An interesting contribution to this set of topics is an innovative series of volumes posing "5 Questions" to philosophers in a variety of fields (link).  A recent volume is Philosophy of the Social Sciences: 5 Questions,  edited by Diego Rios and Christoph Schmidt-Petri.  Contemporary philosophers were asked to respond to five important questions about their approaches to the field of the philosophy of social science.  The format offers the beginning of a triangulation among "beginnings," "fundamental assumptions," and "future directions" for each of these philosophers.  The questions that were provided to the philosophers are these:
  1. How did you get interested in the philosophical aspects of the social sciences?
  2. Which social sciences do you consider particularly interesting or challenging from a philosophical point of view?
  3. How do you conceive the relation between the social sciences and the natural sciences?
  4. What is the most important contribution that philosophy has made to the social sciences?
  5. Which topics in the philosophy of social science will, and which should, receive more attention than in the past?
Contributors include David Bloor, Raymond Boudon, Mario Bunge, Nancy Cartwright, Margaret Gilbert, Daniel Hausman, Harold Kincaid, Daniel Little, Steven Lukes, David Papineau, Philip Pettit, Alexander Rosenberg, David-Hillel Ruben, John Searle, and Raimo Tuomela.  This list includes quite a few of the people who have helped to shape current thinking in this sub-discipline of philosophy; so it is very interesting to have a chance to see what they have to say about some of the original influences on their thinking about the social sciences, as well as their own definitions of the frameworks they have arrived at.  I found it very interesting to think seriously about these questions in my own case, because it forces one to reflect on the ideas, events, and ideologies that led one to choose one set of topics and approaches rather than another.  I would have added a sixth question for each of the contributors: "What are the most basic ideas that you have come to in the course of your studies of the social sciences?"
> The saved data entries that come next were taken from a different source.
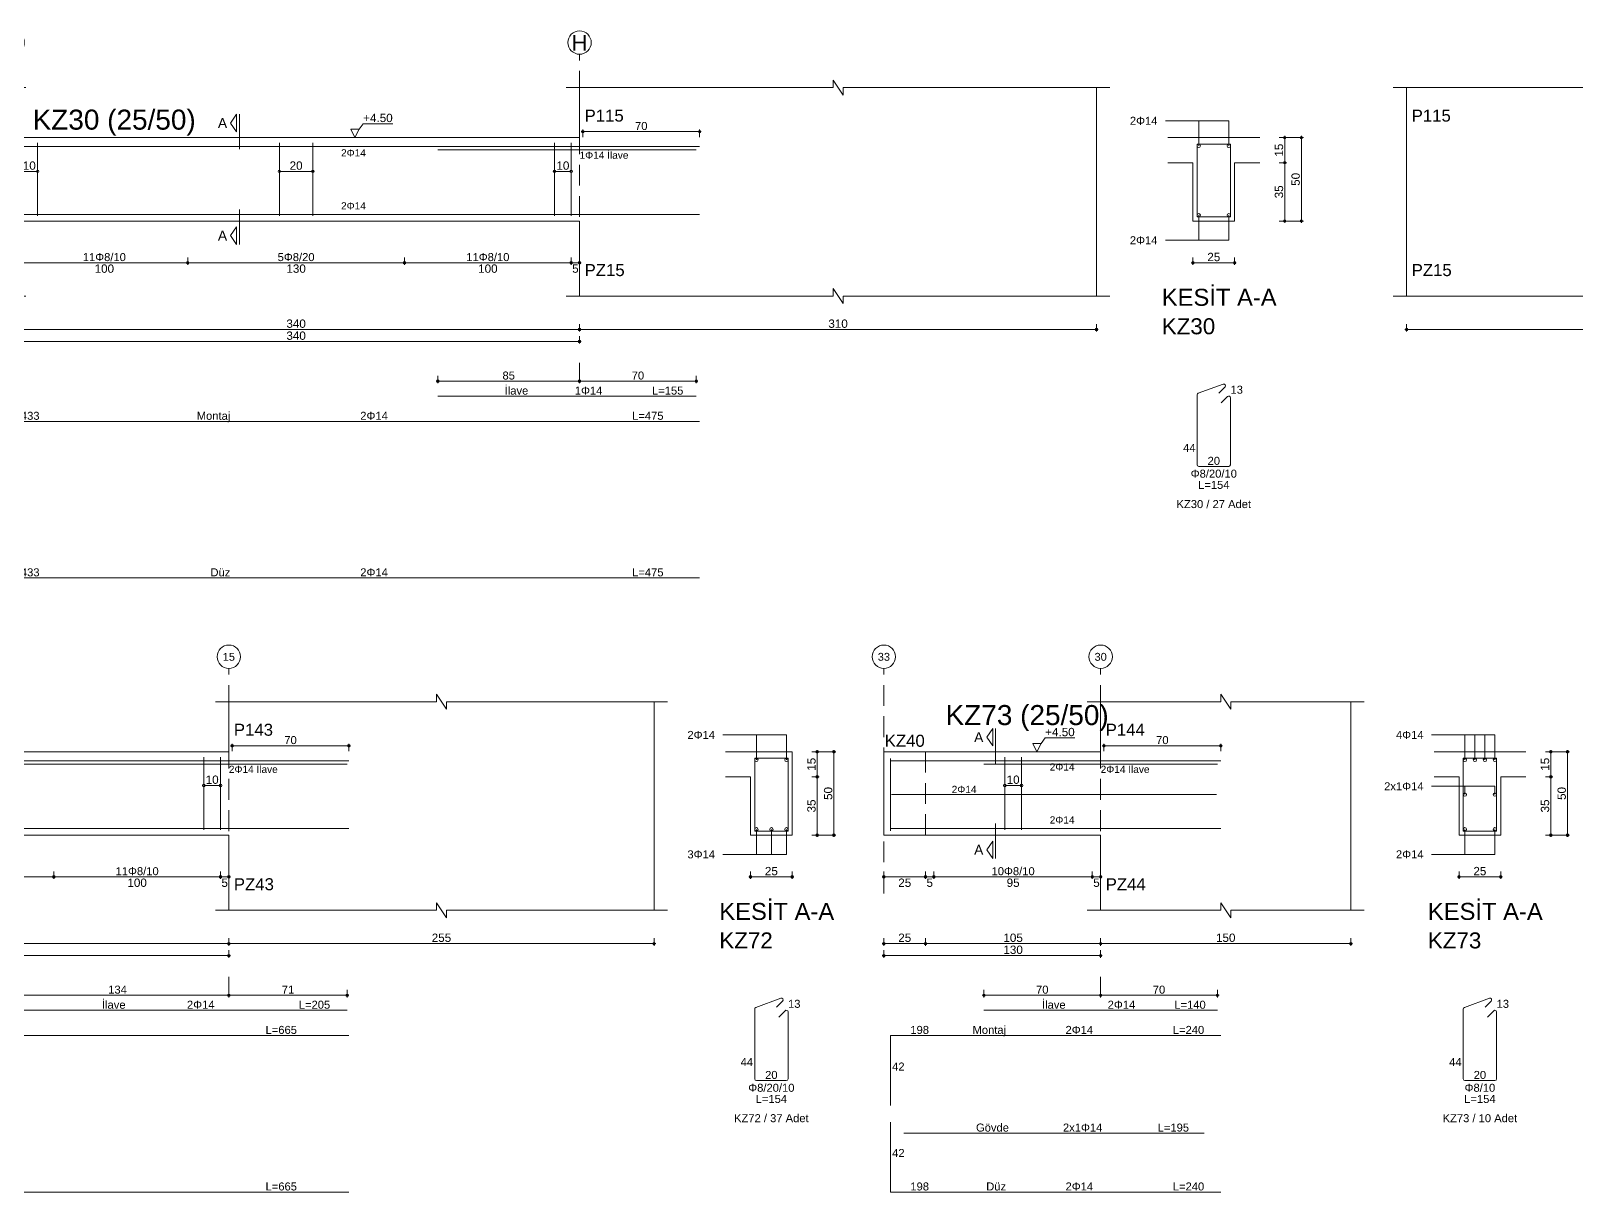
# Model space of a CAD drawing. Header units: millimetres. Extents: x 23801 to 80069, y 9628 to 14137.
# Drawn here: x 32682 to 34072, y 10528 to 11572 of the extents above; entities that cross this region are included whole.
import ezdxf

# ---------------------------------------------------------------- set-up
doc = ezdxf.new("R2010")
doc.units = ezdxf.units.MM
doc.linetypes.add('DASHDOT2', pattern=[12.7, 6.35, -3.175, 0, -3.175])
doc.linetypes.add('DASHED4', pattern=[18.75, 12.5, -6.25])
doc.layers.add('aks', color=251, linetype='DASHDOT2', lineweight=35)
for name, color, linetype in [('Donatı Topl. Uzun. Yazısı', 7, 'Continuous'), ('Donatı Uz. Yazısı', 7, 'Continuous'), ('Donatı Yazısı', 7, 'Continuous'), ('Donatı Çizgisi', 7, 'Continuous'), ('Kiriş', 7, 'Continuous'), ('Standart', 7, 'Continuous'), ('Ölçülendirme', 7, 'Continuous')]:
    doc.layers.add(name, color=color, linetype=linetype)
doc.styles.add('arial_1_18', font='arial.ttf', dxfattribs={"height": 0.2})

# ---------------------------------------------------------------- blocks, each defined once
blk = doc.blocks.new('IDE1071Entity7292')
at = {"layer": 'aks', "color": 30, "linetype": 'DASHED4', "lineweight": 5}
for points in [[(17983.54, 2016.8), (17983.54, 2151.8)], [(18323.54, 2016.8), (18323.54, 2151.8)], [(18323.54, 1955.8), (18323.54, 1966.8)]]:
    blk.add_lwpolyline(points, dxfattribs=at)
at = {"layer": 'aks', "color": 1, "linetype": 'Continuous', "lineweight": 5}
for centre in [(17983.54, 2158.8), (18323.54, 2158.8)]:
    blk.add_circle(centre, 7, dxfattribs=at)
at = {"layer": 'Donatı Çizgisi', "color": 5, "linetype": 'Continuous', "lineweight": 5}
for points in [[(17962.54, 2054.4), (17962.54, 2097.8)], [(17962.54, 2096.4), (18395.54, 2096.4)], [(17988.54, 2055), (17988.54, 2098.6)], [(17998.54, 2055), (17998.54, 2098.6)], [(18143.54, 2055), (18143.54, 2098.6)], [(18163.54, 2055), (18163.54, 2098.6)], [(18238.54, 2094.4), (18393.54, 2094.4)], [(18308.54, 2055), (18308.54, 2098.6)], [(18318.54, 2055), (18318.54, 2098.6)], [(18693.88, 2054.3), (18693.88, 2097.9)], [(18693.88, 2097.9), (18713.88, 2097.9)], [(18713.88, 2054.3), (18713.88, 2097.9)], [(17962.54, 2055.8), (18395.54, 2055.8)], [(18693.88, 2054.3), (18713.88, 2054.3)], [(18238.54, 1946.8), (18393.54, 1946.8)], [(18693.88, 1905.72), (18693.88, 1947.59)], [(18694.55, 1948.54), (18709.55, 1954.01)], [(18706.98, 1948.69), (18710.63, 1952.33)], [(18708.36, 1942.78), (18712.14, 1946.56)], [(18713.88, 1905.72), (18713.88, 1945.84)], [(17962.54, 1889.7), (17962.54, 1931.7)], [(17962.54, 1931.7), (18395.54, 1931.7)], [(18694.9, 1904.7), (18712.86, 1904.7)], [(17962.54, 1837.85), (17962.54, 1879.85)], [(17962.54, 1837.85), (18395.54, 1837.85)]]:
    blk.add_lwpolyline(points, dxfattribs=at)
for centre in [(18694.88, 2096.9), (18712.88, 2096.9), (18694.88, 2055.3), (18712.88, 2055.3)]:
    blk.add_circle(centre, 1, dxfattribs=at)
for centre, start, end in [((18694.9, 1947.59), 110, 180), ((18709.9, 1953.05), 315, 110), ((18712.86, 1945.84), 0, 135), ((18694.9, 1905.72), 180, 270), ((18712.86, 1905.72), 270, 0)]:
    blk.add_arc(centre, 1.02, start, end, dxfattribs=at)
at = {"layer": 'Kiriş', "color": 1, "linetype": 'Continuous', "lineweight": 5}
for points in [[(17950.54, 2131.8), (17968.04, 2131.8)], [(17958.54, 2006.8), (17958.54, 2131.8)], [(17968.04, 2131.8), (17968.04, 2136.3)], [(17974.04, 2127.3), (17968.04, 2136.3)], [(17974.04, 2127.3), (17974.04, 2131.8)], [(17974.04, 2131.8), (17991.54, 2131.8)], [(17983.54, 2101.8), (17983.54, 2131.8)], [(18315.54, 2131.8), (18475.54, 2131.8)], [(18323.54, 2101.8), (18323.54, 2131.8)], [(18475.54, 2131.8), (18475.54, 2136.3)], [(18481.54, 2127.3), (18475.54, 2136.3)], [(18481.54, 2131.8), (18641.54, 2131.8)], [(18481.54, 2127.3), (18481.54, 2131.8)], [(18633.54, 2006.8), (18633.54, 2131.8)], [(17983.54, 2101.8), (18323.54, 2101.8)], [(18676.38, 2101.8), (18731.38, 2101.8)], [(18676.38, 2086.8), (18691.38, 2086.8)], [(18691.38, 2051.8), (18691.38, 2086.8)], [(18716.38, 2086.8), (18731.38, 2086.8)], [(18716.38, 2051.8), (18716.38, 2086.8)], [(17983.54, 2051.8), (18323.54, 2051.8)], [(17983.54, 2006.8), (17983.54, 2051.8)], [(18323.54, 2006.8), (18323.54, 2051.8)], [(18691.38, 2051.8), (18716.38, 2051.8)], [(17974.04, 2002.3), (17968.04, 2011.3)], [(17968.04, 2006.8), (17968.04, 2011.3)], [(18481.54, 2002.3), (18475.54, 2011.3)], [(18475.54, 2006.8), (18475.54, 2011.3)], [(17950.54, 2006.8), (17968.04, 2006.8)], [(17974.04, 2006.8), (17991.54, 2006.8)], [(17974.04, 2002.3), (17974.04, 2006.8)], [(18315.54, 2006.8), (18475.54, 2006.8)], [(18481.54, 2006.8), (18641.54, 2006.8)], [(18481.54, 2002.3), (18481.54, 2006.8)]]:
    blk.add_lwpolyline(points, dxfattribs=at)
at = {"layer": 'Ölçülendirme', "color": 1, "linetype": 'Continuous', "lineweight": 5}
for points in [[(18114.29, 2110.55), (18117.79, 2115.8)], [(18117.79, 2105.3), (18117.79, 2115.8)], [(18119.54, 2094.8), (18119.54, 2115.8)], [(18117.79, 2105.3), (18114.29, 2110.55)], [(18188.79, 2101.8), (18186.29, 2106.8)], [(18186.29, 2106.8), (18191.29, 2106.8)], [(18191.29, 2106.8), (18188.79, 2101.8)], [(18191.29, 2106.8), (18193.79, 2110.13)], [(18193.79, 2110.13), (18211.47, 2110.13)], [(18324.54, 2105.4), (18396.54, 2105.4)], [(18325.54, 2102.15), (18325.54, 2106.65)], [(18395.54, 2102.15), (18395.54, 2106.65)], [(18674.88, 2111.9), (18712.88, 2111.9)], [(18694.88, 2096.9), (18694.88, 2111.9)], [(18712.88, 2096.9), (18712.88, 2111.9)], [(18188.79, 2101.8), (18188.79, 2101.8)], [(18743.13, 2101.8), (18757.63, 2101.8)], [(18746.38, 2050.8), (18746.38, 2102.8)], [(18756.38, 2050.8), (18756.38, 2102.8)], [(18743.13, 2086.8), (18747.63, 2086.8)], [(17988.54, 2081.6), (17998.54, 2081.6)], [(18143.54, 2081.6), (18163.54, 2081.6)], [(18308.54, 2081.6), (18318.54, 2081.6)], [(18119.54, 2037.8), (18119.54, 2058.8)], [(18114.29, 2043.05), (18117.79, 2048.3)], [(18117.79, 2037.8), (18117.79, 2048.3)], [(18694.88, 2040.3), (18694.88, 2055.3)], [(18712.88, 2040.3), (18712.88, 2055.3)], [(18743.13, 2051.8), (18757.63, 2051.8)], [(18117.79, 2037.8), (18114.29, 2043.05)], [(18674.88, 2040.3), (18712.88, 2040.3)], [(17983.54, 2025.55), (17983.54, 2030.05)], [(17988.54, 2025.55), (17988.54, 2030.05)], [(18088.54, 2025.55), (18088.54, 2030.05)], [(18218.54, 2025.55), (18218.54, 2030.05)], [(18318.54, 2025.55), (18318.54, 2030.05)], [(18323.54, 2025.55), (18323.54, 2030.05)], [(18691.38, 2025.55), (18691.38, 2030.05)], [(18716.38, 2025.55), (18716.38, 2030.05)], [(17982.54, 2026.8), (18324.54, 2026.8)], [(18690.38, 2026.8), (18717.38, 2026.8)], [(17957.54, 1986.8), (18634.54, 1986.8)], [(17958.54, 1985.55), (17958.54, 1990.05)], [(17983.54, 1985.55), (17983.54, 1990.05)], [(18323.54, 1985.55), (18323.54, 1990.05)], [(18633.54, 1985.55), (18633.54, 1990.05)], [(17982.54, 1979.6), (18324.54, 1979.6)], [(17983.54, 1978.35), (17983.54, 1982.85)], [(18323.54, 1978.35), (18323.54, 1982.85)], [(18237.54, 1955.8), (18324.54, 1955.8)], [(18238.54, 1954.55), (18238.54, 1959.05)], [(18322.54, 1955.8), (18394.54, 1955.8)], [(18323.54, 1954.55), (18323.54, 1959.05)], [(18323.54, 1954.55), (18323.54, 1959.05)], [(18393.54, 1954.55), (18393.54, 1959.05)]]:
    blk.add_lwpolyline(points, dxfattribs=at)
for centre in [(18325.54, 2105.4), (18395.54, 2105.4), (18746.38, 2101.8), (18756.38, 2101.8), (18746.38, 2086.8), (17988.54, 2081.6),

What I would like to see is a next step conducted by a gifted sociologist of the professions, who would attempt to map out the streams of influence and contribution that are documented within the essays in this volume.  Andrew Abbott's careful analysis of the currents of thought constituting the discipline of sociology in the 1960s and 1970s is a good case in point (Chaos of Disciplines).  Another good example is William Sewell's attempt to provide a geography of the discipline of social history in the 1960s (Logics of History: Social Theory and Social Transformation).